May 5, 2013 / 2 Comments / Review, Uncategorized

You’ve heard me talk about my fiance – well, today you finally get to meet him! Since I’ve been super-busy with my wedding and various other ARCs, my fiance is doing today’s review!

Evan is the love of my life – and he’s also very smart sci-fi, film, and comic book aficionado who usually reads literary stuff like Michael Chabon and Salman Rushdie. He’s a big supporter of me and my blog, even though he doesn’t usually read YA. He did really like The Hunger Games, so when I got an ARC of Red Moon at the Ontario Blog Squad meet-up last November, I suggested he give it a try. Here are his thoughts (with gifs, courtesy of me!).

Red Moon
Author: Benjamin Percy 

Publisher: Grand Central Publishing
Source: Ontario Blog Squad Bloggers Meet-Up 2012

Format: ARC, 544 pages
Expected publication date: May 7, 2013
Evan’s rating: 2.5 out of 5 stars

They live among us.

They are our neighbors, our mothers, our lovers.

They change.

When government agents kick down Claire Forrester’s front door and murder her parents, Claire realizes just how different she is. Patrick Gamble was nothing special until the day he got on a plane and hours later stepped off it, the only passenger left alive, a hero. Chase Williams has sworn to protect the people of the United States from the menace in their midst, but he is becoming the very thing he has promised to destroy. So far, the threat has been controlled by laws and violence and drugs. But the night of the red moon is coming, when an unrecognizable world will emerge…and the battle for humanity will begin.

Review: 

I’d like to think my 2.5 out of 5 star rating is less arbitrary than usual. It’s not only my subjective numerical assessment of the quality of the book; I also chose it to reflect my opinion that Red Moon really consists of two books: one that I quite liked, and one that I just didn’t like at all. So I give it 50%, half.
As Benjamin Percy himself writes, in one of his least insightful passages in the Red Moon that I didn’t like:
Everything suddenly feels like a double: […] the sun and the moon, the infected and the uninfected, the United States and the Republic, the president and his contender[…]. [T]he world feels split down the center.
And so does the book.

I’ll say more about the book I didn’t like later but I’d rather start with the good Red Moon, because it’s really quite good.

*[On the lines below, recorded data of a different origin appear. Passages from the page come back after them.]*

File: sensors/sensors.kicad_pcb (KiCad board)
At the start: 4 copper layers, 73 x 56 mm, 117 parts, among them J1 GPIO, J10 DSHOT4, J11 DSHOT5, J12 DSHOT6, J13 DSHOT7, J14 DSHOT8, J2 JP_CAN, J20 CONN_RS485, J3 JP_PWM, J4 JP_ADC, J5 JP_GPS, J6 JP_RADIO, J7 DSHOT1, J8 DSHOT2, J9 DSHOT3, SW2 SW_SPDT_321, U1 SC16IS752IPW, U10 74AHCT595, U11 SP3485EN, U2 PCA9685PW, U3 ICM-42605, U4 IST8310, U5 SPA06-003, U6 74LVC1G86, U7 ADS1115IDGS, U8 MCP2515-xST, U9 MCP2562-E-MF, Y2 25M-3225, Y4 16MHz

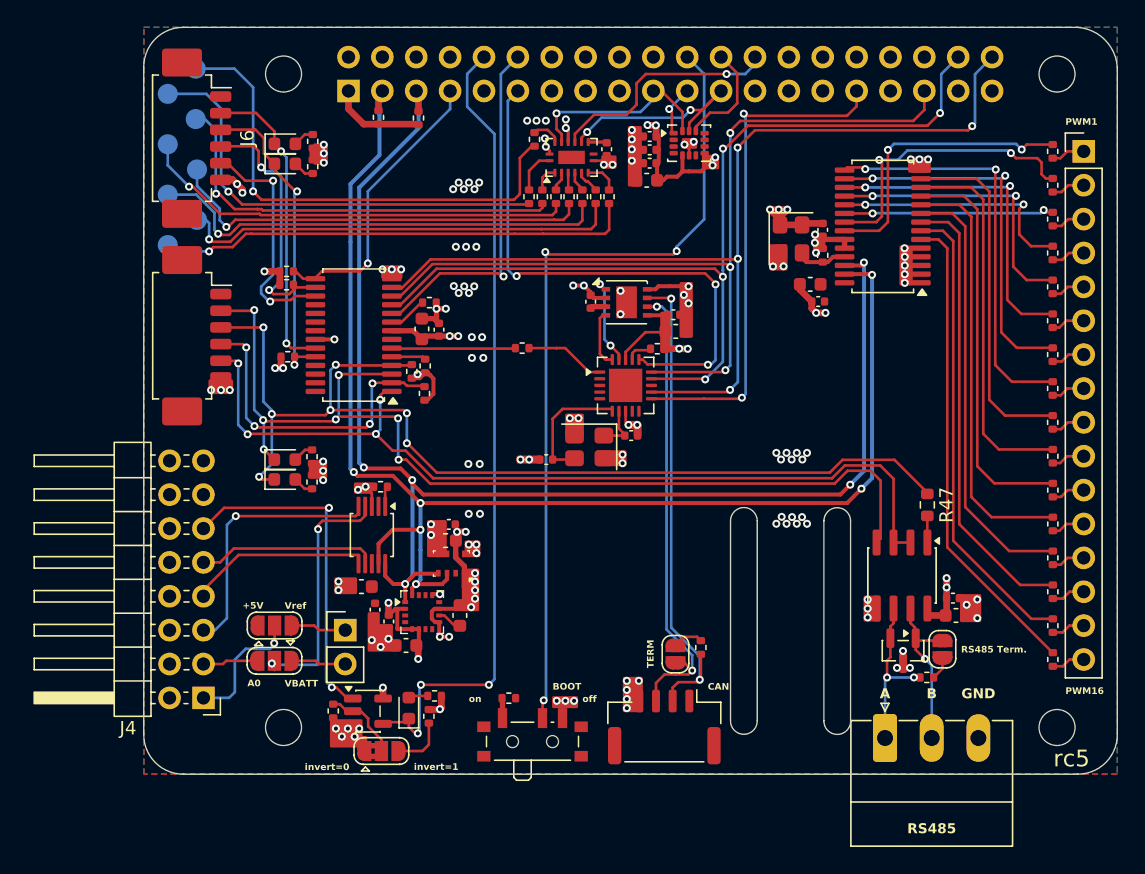
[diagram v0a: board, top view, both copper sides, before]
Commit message: fix datasheet url; layout changes
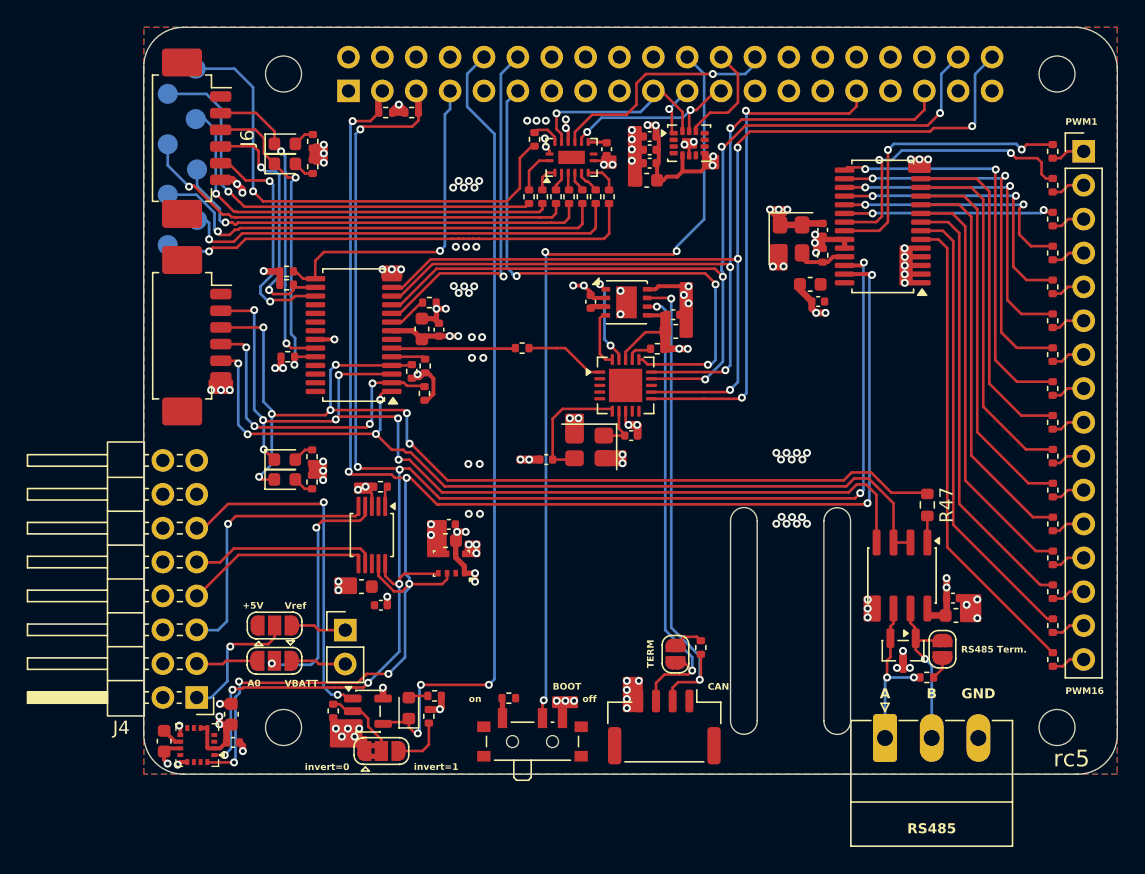
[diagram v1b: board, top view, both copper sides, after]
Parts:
- moved C10 24.1 mm to (101.5, 97.5), turned to -90 degrees
- moved U4 19.6 mm to (104.0, 97.8), turned to 180 degrees
- moved C9 14.8 mm to (106.7, 97.6), turned to 0 degrees
- moved C24 14.1 mm to (106.6, 95.5), turned to 90 degrees
- moved R34 0.65 mm to (120.1, 50.4), turned to 0 degrees
- moved R33 0.65 mm to (118.1, 50.4), turned to 180 degrees
- moved C12 0.55 mm to (117.8, 87.3), turned to 0 degrees
- moved J4 0.51 mm to (104.0, 94.3)
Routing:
- net /GPIO2/SDA1: track 103.6 -> 132.1 mm, vias 6 -> 9
- net /GPIO3/SCL1: track 102.9 -> 129.0 mm, vias 5 -> 9
- net +3V3: track 65.6 -> 58.8 mm, vias 33 -> 34
- net /GPIO4/GPCLK0: track 21.8 -> 25.1 mm
- net /GPIO11/SPI0.SCLK: track 16.2 -> 13.9 mm
- net /UART_RTSA: track 67.7 -> 65.8 mm
- net Net-(U2-LED4): track 31.9 -> 30.1 mm
- net /UART_TXA: track 77.7 -> 76.0 mm
- net GND: track 41.2 -> 39.5 mm, vias 89 -> 86
- net Net-(U2-LED5): track 30.1 -> 28.6 mm
- net /GPIO10/SPI0.MOSI: track 14.9 -> 13.7 mm
- net Net-(U2-LED6): track 28.3 -> 27.1 mm
- net Net-(U2-LED3): track 32.7 -> 31.5 mm
- net Net-(U2-LED2): track 33.9 -> 33.1 mm
- net /A0_OUT: track 19.1 -> 18.3 mm
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
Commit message: more silkscreen doc
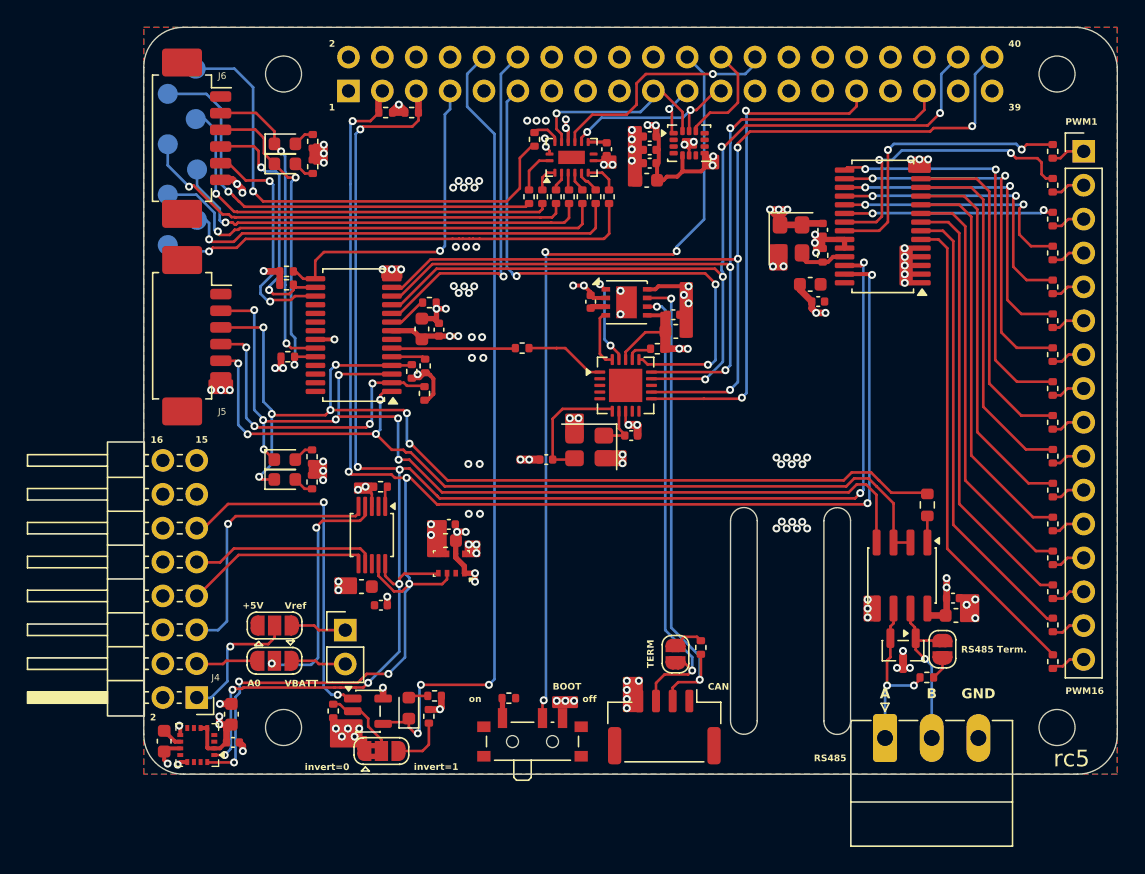
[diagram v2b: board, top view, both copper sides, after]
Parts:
- moved R28 0.16 mm to (168.2, 91.6)
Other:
- board text added: "1"
- board text added: "15"
- board text added: "16"
- board text added: "2"
- board text added: "39"
- board text added: "40"

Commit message: replace magnetometer IST8310 -> MMC5983MA
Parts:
- removed U4: IST8310, Package_LGA:LGA-16_3x3mm_P0.5mm
- added U12: MMC5983MA, Package_LGA:LGA-16_3x3mm_P0.5mm, F.Cu at (148.3, 96.1)
- C10: value 470nF 10% 25V -> 22uF 20% 10V; footprint Capacitor_SMD:C_0603_1608Metric -> Capacitor_SMD:C_0805_2012Metric
- moved C10 46.7 mm to (148.2, 98.9), turned to 0 degrees
- moved C24 41.9 mm to (148.4, 92.8)
- moved C9 40.7 mm to (147.2, 93.5), turned to 90 degrees
- moved R47 0.40 mm to (158.4, 79.8)
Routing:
- net /GPIO3/SCL1: track 129.0 -> 147.3 mm
- net /GPIO2/SDA1: track 132.1 -> 149.4 mm
- net +3V3: track 58.8 -> 65.0 mm, vias 34 -> 33
- net +5V: track 3.83 -> 9.12 mm, vias 41 -> 33
- net GND: track 39.5 -> 35.2 mm, vias 86 -> 88
- added copper zone on B.Cu, net GND
- added copper zone on F.Cu, net GND

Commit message: fix 5V on GPIO
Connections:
- R35 pad 2: +5V -> +3V3
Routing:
- net +3V3: track 65.0 -> 66.0 mm, vias 33 -> 34
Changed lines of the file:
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@@
 			(layers "F.Cu" "F.Mask" "F.Paste")
 			(roundrect_rratio 0.25)
-			(net "+5V")
+			(net "+3V3")
 			(pintype "passive")
 		)
@@
 	)
 	(segment
+		(start 127.885 95.235)
+		(end 127.9 95.25)
+		(width 0.2)
+		(layer "F.Cu")
+		(net "+3V3")
+	)
+	(segment
 		(start 149.566132 96.86675)
 		(end 150 96.86675)
@@
 	)
 	(segment
+		(start 127.885 94.3)
+		(end 127.885 95.235)
+		(width 0.4)
+		(layer "F.Cu")
+		(net "+3V3")
+	)
+	(segment
 		(start 147.710316 58.212898)
 		(end 147.710316 58.812897)
@@
 		(size 0.6)
 		(drill 0.3)
+		(layers "F.Cu" "B.Cu")
+		(net "+3V3")
+	)
+	(via
+		(at 127.9 95.25)
+		(size 0.6)
+		(drill 0.3)

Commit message: change ADC power supply to 3V3
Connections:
- C12 pad 1: +5V -> +3V3
- C26 pad 1: +5V -> +3V3
- U7 pad 8: +5V -> +3V3
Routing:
- net +3V3: track 66.0 -> 70.9 mm, vias 34 -> 36
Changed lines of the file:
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@@
 			(layers "F.Cu" "F.Mask" "F.Paste")
 			(roundrect_rratio 0.25)
-			(net "+5V")
+			(net "+3V3")
 			(pintype "passive")
 		)
@@
 			(layers "F.Cu" "F.Mask" "F.Paste")
 			(roundrect_rratio 0.25)
-			(net "+5V")
+			(net "+3V3")
 			(pintype "passive")
 		)
@@
 			(layers "F.Cu" "F.Mask" "F.Paste")
 			(roundrect_rratio 0.25)
-			(net "+5V")
+			(net "+3V3")
 			(pinfunction "VDD_8")
 			(pintype "power_in")
@@
 	)
 	(segment
+		(start 117.35 88.25)
+		(end 117.35 89)
+		(width 0.3)
+		(layer "F.Cu")
+		(net "+3V3")
+	)
+	(segment
 		(start 122.317571 94.130703)
 		(end 122.317571 95.020703)
@@
 	)
 	(segment
+		(start 117.35 88.25)
+		(end 117.35 87.380861)
+		(width 0.3)
+		(layer "F.Cu")
+		(net "+3V3")
+	)
+	(segment
 		(start 110.29 69.39)
 		(end 110.45 69.55)
@@
 	)
 	(segment
+		(start 117.100691 85.935373)
+		(end 117.100691 87.131552)
+		(width 0.3)
+		(layer "F.Cu")
+		(net "+3V3")
+	)
+	(segment
 		(start 121.49 70.107276)
 		(end 121.72 70.337276)
@@
 	)
 	(segment
+		(start 117.103193 85.932871)
+		(end 117.100691 85.935373)
+		(width 0.3)
+		(layer "F.Cu")
+		(net "+3V3")
+	)
+	(segment
 		(start 122.187571 95.150703)
 		(end 122.207571 95.130703)
@@
 	)
 	(segment
+		(start 117.100691 87.131552)
+		(end 117.302504 87.333365)
+		(width 0.3)
+		(layer "F.Cu")
+		(net "+3V3")
+	)
+	(segment
 		(start 137.748658 65.593209)
 		(end 139.19414 65.593209)
@@
 	)
 	(segment
+		(start 117.35 87.380861)
+		(end 117.302504 87.333365)
+		(width 0.3)
+		(layer "F.Cu")
+		(net "+3V3")
+	)
+	(segment
 		(start 140.01 55.195)
 		(end 140.395 54.81)
@@
 	)
 	(segment
+		(start 117.103193 84.217902)
+		(end 117.103193 85.932871)
+		(width 0.3)
+		(layer "F.Cu")
+		(net "+3V3")
+	)
+	(segment
 		(start 140.152615 68.095433)
 		(end 139.024567 68.095433)
@@
 	)
 	(via
+		(at 117.35 88.25)
+		(size 0.6)
+		(drill 0.3)
+		(layers "F.Cu" "B.Cu")
+		(net "+3V3")
+	)
+	(via
 		(at 150.1 96.96675)
 		(size 0.6)
@@
 		(size 0.6)
 		(drill 0.3)
+		(layers "F.Cu" "B.Cu")
+		(net "+3V3")
+	)
+	(via
+		(at 117.35 89)
+		(size 0.6)
+		(drill 0.3)

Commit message: use 3V3 to power PCA9685
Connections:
- C20 pad 1: +5V -> +3V3
- C4 pad 1: +5V -> +3V3
- U2 pad 28: +5V -> +3V3
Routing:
- net /GPIO2/SDA1: track 149.4 -> 124.1 mm, vias 9 -> 7
- net /GPIO3/SCL1: track 147.3 -> 123.3 mm, vias 9 -> 7
- net +3V3: track 70.9 -> 75.6 mm, vias 36 -> 38

My 4 out of 5 star review of the 250-page alternate reality version of this book would read something like this:
Red Moon is a clever allegorical horror novel about two teenagers from two different worlds struggling to find their identities in tragic circumstances. It takes place in an alternate present where some human beings have become Lycans – werewolves – due to a viral infection called Lobos. Unsurprisingly, xenophobia ensues. Lycans are essentially criminalized; it is illegal for them to Hulk/wolf out, and they are all required to take a mind-dulling drug called Lupex to suppress their symptoms (read: their identities).
Tiff: Wait, this is a werewolf novel? WHAT?!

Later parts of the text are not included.